By default, Kubernetes makes a new EndpointSlice once the existing EndpointSlices
all contain at least 100 endpoints. Kubernetes does not make the new EndpointSlice
until an extra endpoint needs to be added.
In the Kubernetes API, an
Endpoints
(the resource kind is plural) defines a list of network endpoints, typically
referenced by a Service to define which Pods the traffic can be sent to.

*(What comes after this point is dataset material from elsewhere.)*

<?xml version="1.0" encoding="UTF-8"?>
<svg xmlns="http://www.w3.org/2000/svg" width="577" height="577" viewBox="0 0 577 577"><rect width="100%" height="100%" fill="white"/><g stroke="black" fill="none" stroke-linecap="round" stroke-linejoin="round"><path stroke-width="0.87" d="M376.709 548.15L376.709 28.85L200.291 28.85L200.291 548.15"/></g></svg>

The EndpointSlice API is the recommended replacement for Endpoints.
Over-capacity endpoints
Kubernetes limits the number of endpoints that can fit in a single Endpoints
object. When there are over 1000 backing endpoints for a Service, Kubernetes
truncates the data in the Endpoints object. Because a Service can be linked
with more than one EndpointSlice, the 1000 backing endpoint limit only
affects the legacy Endpoints API.
In that case, Kubernetes selects at most 1000 possible backend endpoints to store
into the Endpoints object, and sets an
annotation on the
Endpoints:
endpoints.kubernetes.io/over-capacity: truncated.
The control plane also removes that annotation if the number of backend Pods drops below 1000.
Traffic is still sent to backends, but any load balancing mechanism that relies on the
legacy Endpoints API only sends traffic to at most 1000 of the available backing endpoints.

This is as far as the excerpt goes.